Print every entry below again exactly as written, skipping the pictures.

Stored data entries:
• • •
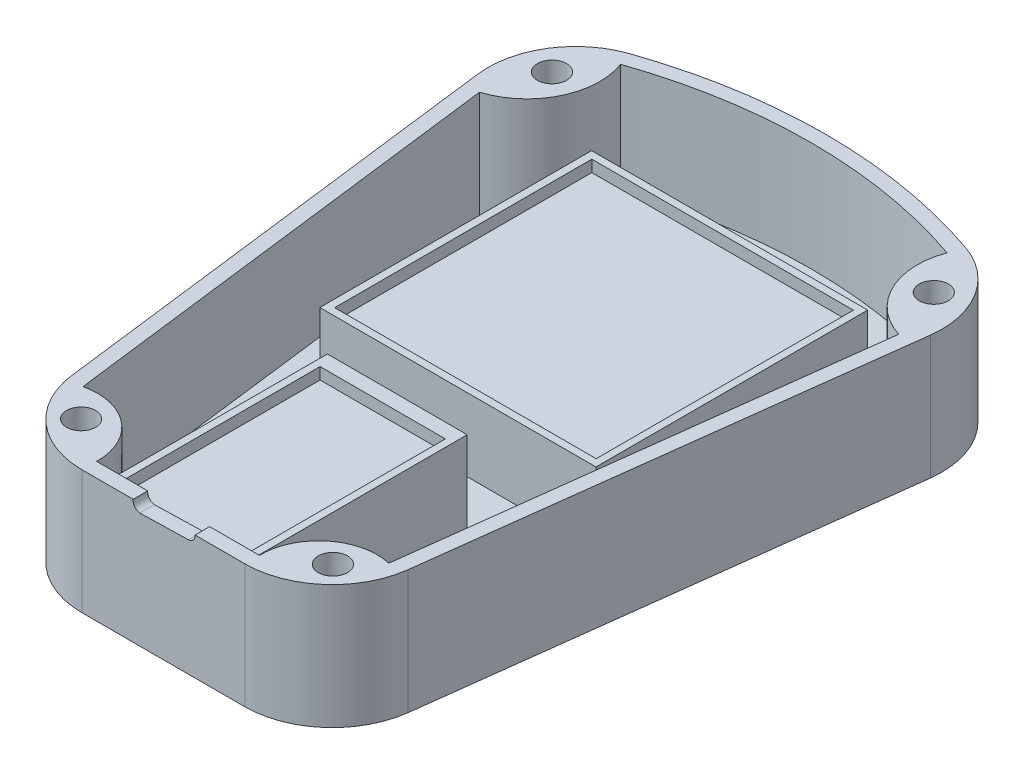
from build123d import *

# Parameters (mm, degrees)
BOSS_EXTRUDE1_DEPTH = 15
SHELL1_T            = 2
BOSS_EXTRUDE2_DEPTH = 15
SKETCH4_R           = 2
CUT_EXTRUDE3_DEPTH  = 17
SKETCH5_W           = 37.9
SKETCH5_H           = 37.3
BOSS_EXTRUDE3_DEPTH = 10
SKETCH8_W           = 35.9
SKETCH8_H           = 35.3
CUT_EXTRUDE4_DEPTH  = 1.6
SKETCH9_W           = 19.2
SKETCH9_H           = 30
BOSS_EXTRUDE5_DEPTH = 13.6
SKETCH11_W          = 17.2
SKETCH11_H          = 28
CUT_EXTRUDE7_DEPTH  = 1.6
CUT_EXTRUDE8_DEPTH  = 2


# Read off the part's stored shape, not the designer's step: Boss-Extrude2
with BuildPart() as part:
    # Sketch2 → Boss-Extrude1 (new body)
    with BuildSketch(Plane(origin=(0, 0, 0), x_dir=(1, 0, 0), z_dir=(0, 1, 0))):
        with BuildLine():
            Line((-29.057488174, 43.856363161), (-21.094956582, -19.84388958))
            ThreePointArc((-21.094956582, -19.84388958), (-17.790203447, -26.100323992), (-11.172177815, -28.603542234))
            Line((-11.172177815, -28.603542234), (11.172177815, -28.603542234))
            ThreePointArc((11.172177815, -28.603542234), (17.790203447, -26.100323992), (21.094956582, -19.84388958))
            Line((21.094956582, -19.84388958), (29.057488174, 43.856363161))
            ThreePointArc((29.057488174, 43.856363161), (27.625040268, 50.380107319), (22.404958564, 54.546867672))
            ThreePointArc((22.404958564, 54.546867672), (0, 58.313921904), (-22.404958564, 54.546867672))
            ThreePointArc((-22.404958564, 54.546867672), (-27.625040268, 50.380107319), (-29.057488174, 43.856363161))
        make_face()
    extrude(amount=BOSS_EXTRUDE1_DEPTH)

    # Shell1
    shell1_openings = [part.faces().sort_by_distance(p)[0] for p in [
        (0, 15, -16.825507136),
    ]]
    offset(amount=SHELL1_T, openings=shell1_openings, kind=Kind.INTERSECTION)

    # Boss-Extrude2 outline → Boss-Extrude2 (add)
    with BuildSketch(Plane(origin=(0, 0, 0), x_dir=(1, 0, 0), z_dir=(0, 1, 0))):
        with BuildLine():
            ThreePointArc((11.172177815, -28.603542234), (17.478052637, -26.364724021), (20.960385979, -20.65073078))
            ThreePointArc((20.960385979, -20.65073078), (14.125965093, -22.239021953), (11.172177815, -28.603542234))
        make_face()
        with BuildLine():
            ThreePointArc((22.404958564, 54.546867672), (22.805580573, 46.686663567), (28.769287815, 41.550760286))
            Line((28.769287815, 41.550760286), (29.057488174, 43.856363161))
            ThreePointArc((29.057488174, 43.856363161), (27.625040268, 50.380107319), (22.404958564, 54.546867672))
        make_face()
        with BuildLine():
            ThreePointArc((-11.172177815, -28.603542234), (-14.125965093, -22.239021953), (-20.960385978, -20.65073078))
            ThreePointArc((-20.960385978, -20.65073078), (-17.478052637, -26.364724021), (-11.172177815, -28.603542234))
        make_face()
        with BuildLine():
            Line((-29.057488174, 43.856363161), (-28.769287815, 41.550760286))
            ThreePointArc((-28.769287815, 41.550760286), (-22.805580573, 46.686663567), (-22.404958564, 54.546867672))
            ThreePointArc((-22.404958564, 54.546867672), (-27.625040268, 50.380107319), (-29.057488174, 43.856363161))
        make_face()
    extrude(amount=BOSS_EXTRUDE2_DEPTH)

    # Sketch4 → Cut-Extrude3 (cut)
    with BuildSketch(Plane(origin=(0, 15, 0), x_dir=(1, 0, 0), z_dir=(0, 1, 0))):
        with Locations(Location((-26.203765036, 48.932847943, 0), (0, 0, 270))):
            Circle(SKETCH4_R)
        with Locations(Location((-17.279655559, -24.618760567, 0), (0, 0, 270))):
            Circle(SKETCH4_R)
        with Locations(Location((17.279655559, -24.618760567, 0), (0, 0, 270))):
            Circle(SKETCH4_R)
        with Locations(Location((26.203765036, 48.932847943, 0), (0, 0, 270))):
            Circle(SKETCH4_R)
    extrude(amount=-CUT_EXTRUDE3_DEPTH, mode=Mode.SUBTRACT)

    # Sketch5 → Boss-Extrude3 (add)
    with BuildSketch(Plane(origin=(-2.134010057, 0, 0), x_dir=(1, 0, 0), z_dir=(0, 1, 0))):
        with Locations((1.95, 28.65)):
            Rectangle(SKETCH5_W, SKETCH5_H)
    extrude(amount=BOSS_EXTRUDE3_DEPTH)

    # Sketch8 → Cut-Extrude4 (cut)
    with BuildSketch(Plane(origin=(48.898344446, 10, 0), x_dir=(1, 0, 0), z_dir=(0, 1, 0))):
        with Locations((-49.05, 28.65)):
            Rectangle(SKETCH8_W, SKETCH8_H)
    extrude(amount=-CUT_EXTRUDE4_DEPTH, mode=Mode.SUBTRACT)

    # Sketch9 → Boss-Extrude5 (add)
    with BuildSketch(Plane(origin=(0, 0, 0), x_dir=(1, 0, 0), z_dir=(0, 1, 0))):
        with Locations((0.1, -13.603542234)):
            Rectangle(SKETCH9_W, SKETCH9_H)
    extrude(amount=BOSS_EXTRUDE5_DEPTH)

    # Sketch11 → Cut-Extrude7 (cut)
    with BuildSketch(Plane(origin=(0, 13.6, 0), x_dir=(1, 0, 0), z_dir=(0, 1, 0))):
        with Locations((0.1, -14.603542234)):
            Rectangle(SKETCH11_W, SKETCH11_H)
    extrude(amount=-CUT_EXTRUDE7_DEPTH, mode=Mode.SUBTRACT)

    # Sketch12 → Cut-Extrude8 (cut)
    with BuildSketch(Plane.XY.offset(30.603542234)):
        with BuildLine():
            Line((-4.15, 15), (4.35, 15))
            ThreePointArc((4.35, 15), (4.110077828, 14.306431155), (3.45, 13.985654515))
            Line((3.45, 13.985654515), (-3.25, 13.821910042))
            ThreePointArc((-3.25, 13.821910042), (-3.943990419, 14.224558918), (-4.15, 15))
        make_face()
    extrude(amount=-CUT_EXTRUDE8_DEPTH, mode=Mode.SUBTRACT)


solid = part.part
• • •
Written answer:
from build123d import *

# Parameters (mm, degrees)
BOSS_EXTRUDE1_DEPTH = 15
SHELL1_T            = 2
BOSS_EXTRUDE2_DEPTH = 15
SKETCH4_R           = 2
CUT_EXTRUDE3_DEPTH  = 17
SKETCH5_W           = 37.9
SKETCH5_H           = 37.3
BOSS_EXTRUDE3_DEPTH = 10
SKETCH8_W           = 35.9
SKETCH8_H           = 35.3
CUT_EXTRUDE4_DEPTH  = 1.6
SKETCH9_W           = 19.2
SKETCH9_H           = 30
BOSS_EXTRUDE5_DEPTH = 13.6
SKETCH11_W          = 17.2
SKETCH11_H          = 28
CUT_EXTRUDE7_DEPTH  = 1.6
CUT_EXTRUDE8_DEPTH  = 2


# Read off the part's stored shape, not the designer's step: Boss-Extrude2
with BuildPart() as part:
    # Sketch2 → Boss-Extrude1 (new body)
    with BuildSketch(Plane(origin=(0, 0, 0), x_dir=(1, 0, 0), z_dir=(0, 1, 0))):
        with BuildLine():
            Line((-29.057488174, 43.856363161), (-21.094956582, -19.84388958))
            ThreePointArc((-21.094956582, -19.84388958), (-17.790203447, -26.100323992), (-11.172177815, -28.603542234))
            Line((-11.172177815, -28.603542234), (11.172177815, -28.603542234))
            ThreePointArc((11.172177815, -28.603542234), (17.790203447, -26.100323992), (21.094956582, -19.84388958))
            Line((21.094956582, -19.84388958), (29.057488174, 43.856363161))
            ThreePointArc((29.057488174, 43.856363161), (27.625040268, 50.380107319), (22.404958564, 54.546867672))
            ThreePointArc((22.404958564, 54.546867672), (0, 58.313921904), (-22.404958564, 54.546867672))
            ThreePointArc((-22.404958564, 54.546867672), (-27.625040268, 50.380107319), (-29.057488174, 43.856363161))
        make_face()
    extrude(amount=BOSS_EXTRUDE1_DEPTH)

    # Shell1
    shell1_openings = [part.faces().sort_by_distance(p)[0] for p in [
        (0, 15, -16.825507136),
    ]]
    offset(amount=SHELL1_T, openings=shell1_openings, kind=Kind.INTERSECTION)

    # Boss-Extrude2 outline → Boss-Extrude2 (add)
    with BuildSketch(Plane(origin=(0, 0, 0), x_dir=(1, 0, 0), z_dir=(0, 1, 0))):
        with BuildLine():
            ThreePointArc((11.172177815, -28.603542234), (17.478052637, -26.364724021), (20.960385979, -20.65073078))
            ThreePointArc((20.960385979, -20.65073078), (14.125965093, -22.239021953), (11.172177815, -28.603542234))
        make_face()
        with BuildLine():
            ThreePointArc((22.404958564, 54.546867672), (22.805580573, 46.686663567), (28.769287815, 41.550760286))
            Line((28.769287815, 41.550760286), (29.057488174, 43.856363161))
            ThreePointArc((29.057488174, 43.856363161), (27.625040268, 50.380107319), (22.404958564, 54.546867672))
        make_face()
        with BuildLine():
            ThreePointArc((-11.172177815, -28.603542234), (-14.125965093, -22.239021953), (-20.960385978, -20.65073078))
            ThreePointArc((-20.960385978, -20.65073078), (-17.478052637, -26.364724021), (-11.172177815, -28.603542234))
        make_face()
        with BuildLine():
            Line((-29.057488174, 43.856363161), (-28.769287815, 41.550760286))
            ThreePointArc((-28.769287815, 41.550760286), (-22.805580573, 46.686663567), (-22.404958564, 54.546867672))
            ThreePointArc((-22.404958564, 54.546867672), (-27.625040268, 50.380107319), (-29.057488174, 43.856363161))
        make_face()
    extrude(amount=BOSS_EXTRUDE2_DEPTH)

    # Sketch4 → Cut-Extrude3 (cut)
    with BuildSketch(Plane(origin=(0, 15, 0), x_dir=(1, 0, 0), z_dir=(0, 1, 0))):
        with Locations(Location((-26.203765036, 48.932847943, 0), (0, 0, 270))):
            Circle(SKETCH4_R)
        with Locations(Location((-17.279655559, -24.618760567, 0), (0, 0, 270))):
            Circle(SKETCH4_R)
        with Locations(Location((17.279655559, -24.618760567, 0), (0, 0, 270))):
            Circle(SKETCH4_R)
        with Locations(Location((26.203765036, 48.932847943, 0), (0, 0, 270))):
            Circle(SKETCH4_R)
    extrude(amount=-CUT_EXTRUDE3_DEPTH, mode=Mode.SUBTRACT)

    # Sketch5 → Boss-Extrude3 (add)
    with BuildSketch(Plane(origin=(-2.134010057, 0, 0), x_dir=(1, 0, 0), z_dir=(0, 1, 0))):
        with Locations((1.95, 28.65)):
            Rectangle(SKETCH5_W, SKETCH5_H)
    extrude(amount=BOSS_EXTRUDE3_DEPTH)

    # Sketch8 → Cut-Extrude4 (cut)
    with BuildSketch(Plane(origin=(48.898344446, 10, 0), x_dir=(1, 0, 0), z_dir=(0, 1, 0))):
        with Locations((-49.05, 28.65)):
            Rectangle(SKETCH8_W, SKETCH8_H)
    extrude(amount=-CUT_EXTRUDE4_DEPTH, mode=Mode.SUBTRACT)

    # Sketch9 → Boss-Extrude5 (add)
    with BuildSketch(Plane(origin=(0, 0, 0), x_dir=(1, 0, 0), z_dir=(0, 1, 0))):
        with Locations((0.1, -13.603542234)):
            Rectangle(SKETCH9_W, SKETCH9_H)
    extrude(amount=BOSS_EXTRUDE5_DEPTH)

    # Sketch11 → Cut-Extrude7 (cut)
    with BuildSketch(Plane(origin=(0, 13.6, 0), x_dir=(1, 0, 0), z_dir=(0, 1, 0))):
        with Locations((0.1, -14.603542234)):
            Rectangle(SKETCH11_W, SKETCH11_H)
    extrude(amount=-CUT_EXTRUDE7_DEPTH, mode=Mode.SUBTRACT)

    # Sketch12 → Cut-Extrude8 (cut)
    with BuildSketch(Plane.XY.offset(30.603542234)):
        with BuildLine():
            Line((-4.15, 15), (4.35, 15))
            ThreePointArc((4.35, 15), (4.110077828, 14.306431155), (3.45, 13.985654515))
            Line((3.45, 13.985654515), (-3.25, 13.821910042))
            ThreePointArc((-3.25, 13.821910042), (-3.943990419, 14.224558918), (-4.15, 15))
        make_face()
    extrude(amount=-CUT_EXTRUDE8_DEPTH, mode=Mode.SUBTRACT)


solid = part.part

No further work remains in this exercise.